Ce soir-là, découverte de l’Artistic Théâtre, un lieu qui ne paie pas de mine mais ne manque pas de charme, non loin de la place Voltaire. cafeartistikL’intérieur est cosy, près d’un agréable café-bibliothèque, des élèves se ruent sur les tables et les chaises du bar. Ils sont venus de Rennes pour assister au spectacle, et ont la chance de pouvoir écouter, en introduction, Jacques Osinski. En toute simplicité, le metteur en scène leur explique sa démarche : un Avare comme ils ne l’ont jamais vu. « On est bien loin de la version farçesque de Molière ». Farçesque ? Les élèves froncent les sourcils. « C’est à dire que cela ne correspond pas à l’image à laquelle vous vous attendez » précise Jacques Osinski. Ici, on peut rigoler mais on assistera surtout à une mise en scène profonde de la tyrannie d’un homme, précise-t-il. Silence dans le café de l’Artistik Théâtre, les élèves ne disent rien.

« Ca dure combien de temps ? »

2 heures, « moins long que la version originale ! » rassure Jacques Osinski avant d’accompagner la joyeuse classe vers la salle de l’Artistik Théâtre.

Paranoïaque 

Harpagon (Jean-Claude Frissung) est seul dans un appartement d’assez mauvais goût : avec sa lampe frontale, il arpente la scène droit vers son coffre-fort. Dans cette pièce lugubre, Harpagon  déambule dans une tenue bien éloignée des collerettes de Louis de Funès. Dans ce classique de Molière, Jacques Osinski nous met en exergue avarice mais aussi la tyrannie d’un père qui refuse de transmettre son héritage.

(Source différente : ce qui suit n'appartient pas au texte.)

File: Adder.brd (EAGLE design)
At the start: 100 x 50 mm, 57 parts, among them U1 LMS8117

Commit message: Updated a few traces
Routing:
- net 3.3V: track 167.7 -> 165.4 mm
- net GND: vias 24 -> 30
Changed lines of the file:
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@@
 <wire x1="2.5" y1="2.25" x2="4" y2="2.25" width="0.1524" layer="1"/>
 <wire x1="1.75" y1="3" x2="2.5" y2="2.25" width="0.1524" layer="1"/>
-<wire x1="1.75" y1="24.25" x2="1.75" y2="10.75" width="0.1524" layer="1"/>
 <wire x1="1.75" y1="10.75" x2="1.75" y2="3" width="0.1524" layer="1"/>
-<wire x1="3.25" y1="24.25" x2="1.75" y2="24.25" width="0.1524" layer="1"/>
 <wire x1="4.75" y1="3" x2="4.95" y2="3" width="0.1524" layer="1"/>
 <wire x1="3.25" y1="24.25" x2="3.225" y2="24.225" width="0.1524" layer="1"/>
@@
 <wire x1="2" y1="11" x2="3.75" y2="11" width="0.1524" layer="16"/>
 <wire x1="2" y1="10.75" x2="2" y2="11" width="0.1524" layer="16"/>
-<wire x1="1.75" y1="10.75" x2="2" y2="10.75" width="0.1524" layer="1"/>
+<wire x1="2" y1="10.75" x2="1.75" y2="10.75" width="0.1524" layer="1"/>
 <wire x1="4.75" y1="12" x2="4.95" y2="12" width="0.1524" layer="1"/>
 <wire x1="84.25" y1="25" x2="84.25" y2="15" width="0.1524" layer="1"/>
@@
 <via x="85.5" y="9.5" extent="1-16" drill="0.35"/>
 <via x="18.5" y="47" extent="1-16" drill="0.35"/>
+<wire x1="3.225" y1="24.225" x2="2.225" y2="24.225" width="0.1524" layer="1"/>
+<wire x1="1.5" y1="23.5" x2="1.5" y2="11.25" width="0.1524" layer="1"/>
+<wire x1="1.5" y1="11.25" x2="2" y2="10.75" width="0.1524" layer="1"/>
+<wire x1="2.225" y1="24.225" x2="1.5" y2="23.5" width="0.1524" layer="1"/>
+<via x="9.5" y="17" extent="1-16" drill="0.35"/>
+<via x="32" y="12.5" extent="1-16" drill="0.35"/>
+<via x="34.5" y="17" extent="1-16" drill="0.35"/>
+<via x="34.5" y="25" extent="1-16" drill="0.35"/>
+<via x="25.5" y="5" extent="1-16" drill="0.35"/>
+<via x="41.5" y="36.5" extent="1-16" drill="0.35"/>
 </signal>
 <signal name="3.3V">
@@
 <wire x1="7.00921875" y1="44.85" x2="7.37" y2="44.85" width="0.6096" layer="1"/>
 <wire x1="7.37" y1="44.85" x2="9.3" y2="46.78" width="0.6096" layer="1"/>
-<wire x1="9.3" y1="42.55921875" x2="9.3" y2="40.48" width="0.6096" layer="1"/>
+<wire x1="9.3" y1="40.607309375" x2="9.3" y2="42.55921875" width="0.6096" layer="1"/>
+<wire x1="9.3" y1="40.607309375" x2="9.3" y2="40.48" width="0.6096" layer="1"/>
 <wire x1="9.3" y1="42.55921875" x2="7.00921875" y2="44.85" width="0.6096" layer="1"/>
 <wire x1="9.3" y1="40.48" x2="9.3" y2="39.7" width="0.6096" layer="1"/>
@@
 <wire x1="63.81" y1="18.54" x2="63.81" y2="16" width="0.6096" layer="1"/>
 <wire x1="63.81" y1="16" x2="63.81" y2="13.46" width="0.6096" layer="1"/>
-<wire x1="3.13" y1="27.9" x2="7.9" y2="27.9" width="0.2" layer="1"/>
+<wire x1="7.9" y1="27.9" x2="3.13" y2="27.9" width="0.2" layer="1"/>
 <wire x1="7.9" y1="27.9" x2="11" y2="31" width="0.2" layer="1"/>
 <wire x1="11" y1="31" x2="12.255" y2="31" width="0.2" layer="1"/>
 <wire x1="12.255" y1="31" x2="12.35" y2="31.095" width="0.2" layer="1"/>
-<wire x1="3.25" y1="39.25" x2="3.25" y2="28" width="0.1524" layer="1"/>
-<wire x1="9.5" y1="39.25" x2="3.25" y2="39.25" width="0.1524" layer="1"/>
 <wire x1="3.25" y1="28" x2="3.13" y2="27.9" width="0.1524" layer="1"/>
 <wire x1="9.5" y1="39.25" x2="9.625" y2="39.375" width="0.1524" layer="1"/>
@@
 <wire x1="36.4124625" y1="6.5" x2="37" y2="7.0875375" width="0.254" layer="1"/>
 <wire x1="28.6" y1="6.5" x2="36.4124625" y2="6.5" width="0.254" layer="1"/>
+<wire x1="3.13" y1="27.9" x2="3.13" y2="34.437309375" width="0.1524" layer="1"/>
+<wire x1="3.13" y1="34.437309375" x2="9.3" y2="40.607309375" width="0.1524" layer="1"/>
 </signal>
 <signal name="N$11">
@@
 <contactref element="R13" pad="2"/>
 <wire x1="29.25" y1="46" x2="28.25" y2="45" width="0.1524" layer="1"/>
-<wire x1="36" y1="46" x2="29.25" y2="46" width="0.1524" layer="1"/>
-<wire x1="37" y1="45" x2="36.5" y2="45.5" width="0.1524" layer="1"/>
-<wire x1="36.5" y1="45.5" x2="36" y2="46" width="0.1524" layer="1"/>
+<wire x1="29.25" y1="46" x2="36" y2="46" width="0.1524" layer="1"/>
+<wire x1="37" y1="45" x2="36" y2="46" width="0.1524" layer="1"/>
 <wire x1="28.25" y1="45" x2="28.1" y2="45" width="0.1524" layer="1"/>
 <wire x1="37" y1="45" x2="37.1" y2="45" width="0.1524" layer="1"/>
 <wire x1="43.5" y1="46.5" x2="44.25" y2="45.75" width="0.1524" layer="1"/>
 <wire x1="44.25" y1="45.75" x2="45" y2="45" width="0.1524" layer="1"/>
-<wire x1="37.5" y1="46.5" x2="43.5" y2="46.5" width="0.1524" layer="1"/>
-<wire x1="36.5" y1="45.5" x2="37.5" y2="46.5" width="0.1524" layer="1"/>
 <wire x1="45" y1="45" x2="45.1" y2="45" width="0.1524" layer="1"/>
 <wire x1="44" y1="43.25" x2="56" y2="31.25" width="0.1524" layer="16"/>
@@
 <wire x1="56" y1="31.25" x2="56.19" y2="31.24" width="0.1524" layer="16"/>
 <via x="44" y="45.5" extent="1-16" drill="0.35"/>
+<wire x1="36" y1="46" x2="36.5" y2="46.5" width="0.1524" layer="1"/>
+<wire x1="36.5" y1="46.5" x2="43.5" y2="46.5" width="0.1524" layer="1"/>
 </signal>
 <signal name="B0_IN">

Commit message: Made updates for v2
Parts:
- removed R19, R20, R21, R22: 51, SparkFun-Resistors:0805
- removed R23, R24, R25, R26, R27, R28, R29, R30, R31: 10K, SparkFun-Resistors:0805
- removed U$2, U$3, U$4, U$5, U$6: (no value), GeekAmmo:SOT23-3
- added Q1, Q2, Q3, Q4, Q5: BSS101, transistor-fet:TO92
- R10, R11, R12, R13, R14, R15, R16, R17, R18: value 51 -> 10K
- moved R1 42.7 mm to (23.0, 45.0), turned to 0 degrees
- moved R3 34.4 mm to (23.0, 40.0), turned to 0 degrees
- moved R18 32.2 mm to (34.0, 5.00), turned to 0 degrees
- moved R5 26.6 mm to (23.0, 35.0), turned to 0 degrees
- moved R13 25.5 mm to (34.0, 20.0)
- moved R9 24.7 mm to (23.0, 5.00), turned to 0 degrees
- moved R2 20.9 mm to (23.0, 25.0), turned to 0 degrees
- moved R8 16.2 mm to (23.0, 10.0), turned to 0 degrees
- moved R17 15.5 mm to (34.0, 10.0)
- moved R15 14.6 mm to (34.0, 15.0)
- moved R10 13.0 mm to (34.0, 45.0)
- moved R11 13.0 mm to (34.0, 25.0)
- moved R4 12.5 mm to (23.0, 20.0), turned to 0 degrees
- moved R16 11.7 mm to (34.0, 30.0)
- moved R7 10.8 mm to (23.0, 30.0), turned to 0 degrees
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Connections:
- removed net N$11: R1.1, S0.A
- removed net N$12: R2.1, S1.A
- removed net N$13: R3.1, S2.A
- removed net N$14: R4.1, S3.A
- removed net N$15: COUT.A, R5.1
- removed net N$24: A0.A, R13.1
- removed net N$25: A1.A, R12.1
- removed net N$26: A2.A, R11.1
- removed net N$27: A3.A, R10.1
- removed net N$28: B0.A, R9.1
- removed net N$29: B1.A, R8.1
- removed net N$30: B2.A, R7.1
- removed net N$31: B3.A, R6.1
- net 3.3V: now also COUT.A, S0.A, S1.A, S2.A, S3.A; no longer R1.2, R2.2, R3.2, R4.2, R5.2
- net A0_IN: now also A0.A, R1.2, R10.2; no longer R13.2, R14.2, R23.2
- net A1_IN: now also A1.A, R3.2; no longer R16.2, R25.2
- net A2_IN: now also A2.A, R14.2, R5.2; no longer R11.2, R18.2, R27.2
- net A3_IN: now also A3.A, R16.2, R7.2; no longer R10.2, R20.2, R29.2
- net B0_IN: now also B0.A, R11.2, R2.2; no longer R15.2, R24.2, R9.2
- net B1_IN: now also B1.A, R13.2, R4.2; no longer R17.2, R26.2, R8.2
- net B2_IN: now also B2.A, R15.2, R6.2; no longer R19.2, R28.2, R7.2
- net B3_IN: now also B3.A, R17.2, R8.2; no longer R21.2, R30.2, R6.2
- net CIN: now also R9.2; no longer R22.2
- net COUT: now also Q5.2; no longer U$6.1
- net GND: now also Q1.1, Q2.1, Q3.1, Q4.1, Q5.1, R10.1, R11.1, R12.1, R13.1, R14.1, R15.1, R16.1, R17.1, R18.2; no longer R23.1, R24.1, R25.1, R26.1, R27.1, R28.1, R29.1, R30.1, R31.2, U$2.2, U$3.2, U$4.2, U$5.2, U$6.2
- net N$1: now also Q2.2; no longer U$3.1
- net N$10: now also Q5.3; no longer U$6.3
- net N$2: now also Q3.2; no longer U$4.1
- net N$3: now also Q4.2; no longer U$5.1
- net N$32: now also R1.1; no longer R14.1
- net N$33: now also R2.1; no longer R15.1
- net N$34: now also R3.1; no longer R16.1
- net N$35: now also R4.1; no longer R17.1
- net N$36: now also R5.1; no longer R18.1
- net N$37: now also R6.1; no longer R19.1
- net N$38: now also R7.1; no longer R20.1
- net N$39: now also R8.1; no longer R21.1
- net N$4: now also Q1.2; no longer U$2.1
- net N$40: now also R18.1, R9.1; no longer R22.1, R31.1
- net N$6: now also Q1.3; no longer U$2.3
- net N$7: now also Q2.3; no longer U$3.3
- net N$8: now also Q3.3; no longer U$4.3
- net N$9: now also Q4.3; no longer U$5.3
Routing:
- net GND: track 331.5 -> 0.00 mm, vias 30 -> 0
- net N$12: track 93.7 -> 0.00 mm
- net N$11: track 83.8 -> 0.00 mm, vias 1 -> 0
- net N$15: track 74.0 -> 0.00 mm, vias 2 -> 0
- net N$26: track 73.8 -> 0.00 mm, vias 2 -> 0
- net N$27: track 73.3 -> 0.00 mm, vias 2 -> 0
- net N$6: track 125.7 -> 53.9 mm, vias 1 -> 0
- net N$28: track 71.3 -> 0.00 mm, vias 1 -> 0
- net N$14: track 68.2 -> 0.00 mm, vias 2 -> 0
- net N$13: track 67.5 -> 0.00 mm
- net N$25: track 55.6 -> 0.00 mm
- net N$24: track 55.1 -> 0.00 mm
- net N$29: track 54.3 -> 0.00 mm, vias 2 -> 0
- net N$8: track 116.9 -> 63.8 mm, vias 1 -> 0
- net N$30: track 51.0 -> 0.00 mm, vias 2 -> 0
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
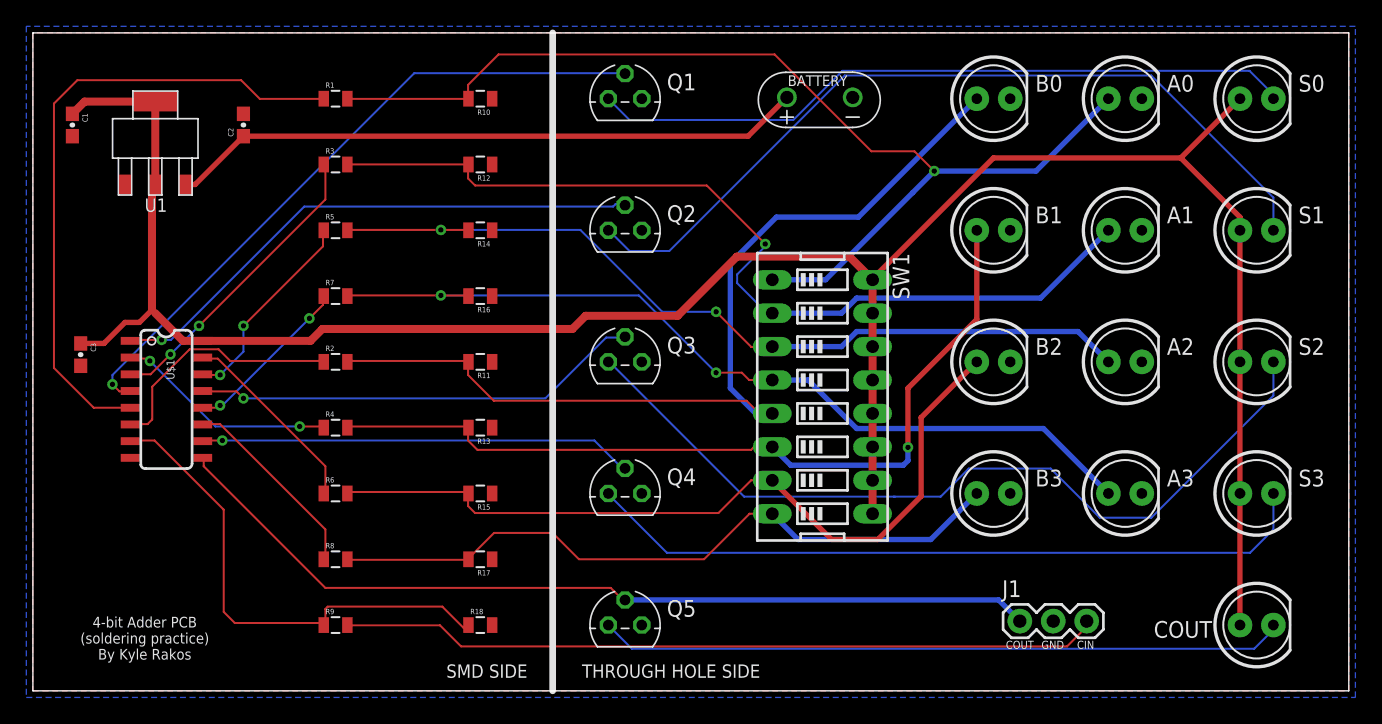
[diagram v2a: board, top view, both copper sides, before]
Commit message: Finished updating v2 of board
Addressed comments in readme and refined layout
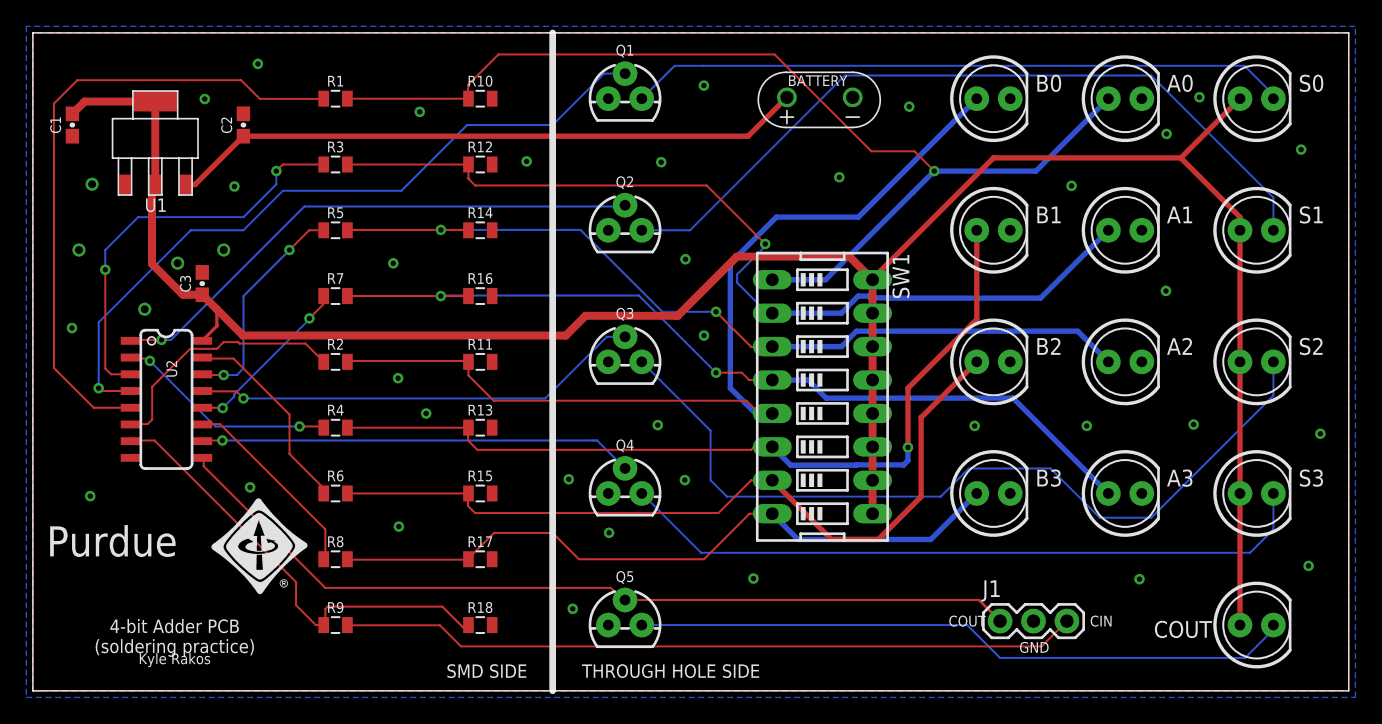
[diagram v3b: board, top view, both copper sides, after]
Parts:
- Q1, Q2, Q3, Q4, Q5: value BSS101 -> MOSFET-NCHANNEL2N7000; device transistor-fet:TO92 -> SparkFun-DiscreteSemi:TO-92
- moved C3 10.7 mm to (12.9, 30.9), turned to 90 degrees
- moved J1 1.50 mm to (73.5, 5.30)
- turned C1 to 90 degrees
- turned R10 to 0 degrees
- turned R11 to 0 degrees
- turned R12 to 0 degrees
- turned R13 to 0 degrees
- turned R14 to 0 degrees
- turned R15 to 0 degrees
- turned R16 to 0 degrees
- turned R17 to 0 degrees
- renumbered U$1 to U2
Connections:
- net 3.3V: now also C1.2; no longer C1.1
- net A0_IN: now also R10.1; no longer R10.2
- net A1_IN: now also R12.1; no longer R12.2
- net A2_IN: now also R14.1; no longer R14.2
- net A3_IN: now also R16.1; no longer R16.2
- net B0_IN: now also R11.1; no longer R11.2
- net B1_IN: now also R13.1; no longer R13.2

Le jeu des comédiens est extrêmement juste, Jean-Claude Frissung est remarquable.  

La mise en scène d’Osinski accentue le côté paranoïaque et presque aliéné d’Harpagon, obsédé par sa cassette, à tel point qu’il se met à nu devant son public. Au voleur ! Au voleur ! Hurle-t-il avec une pointe de démence. 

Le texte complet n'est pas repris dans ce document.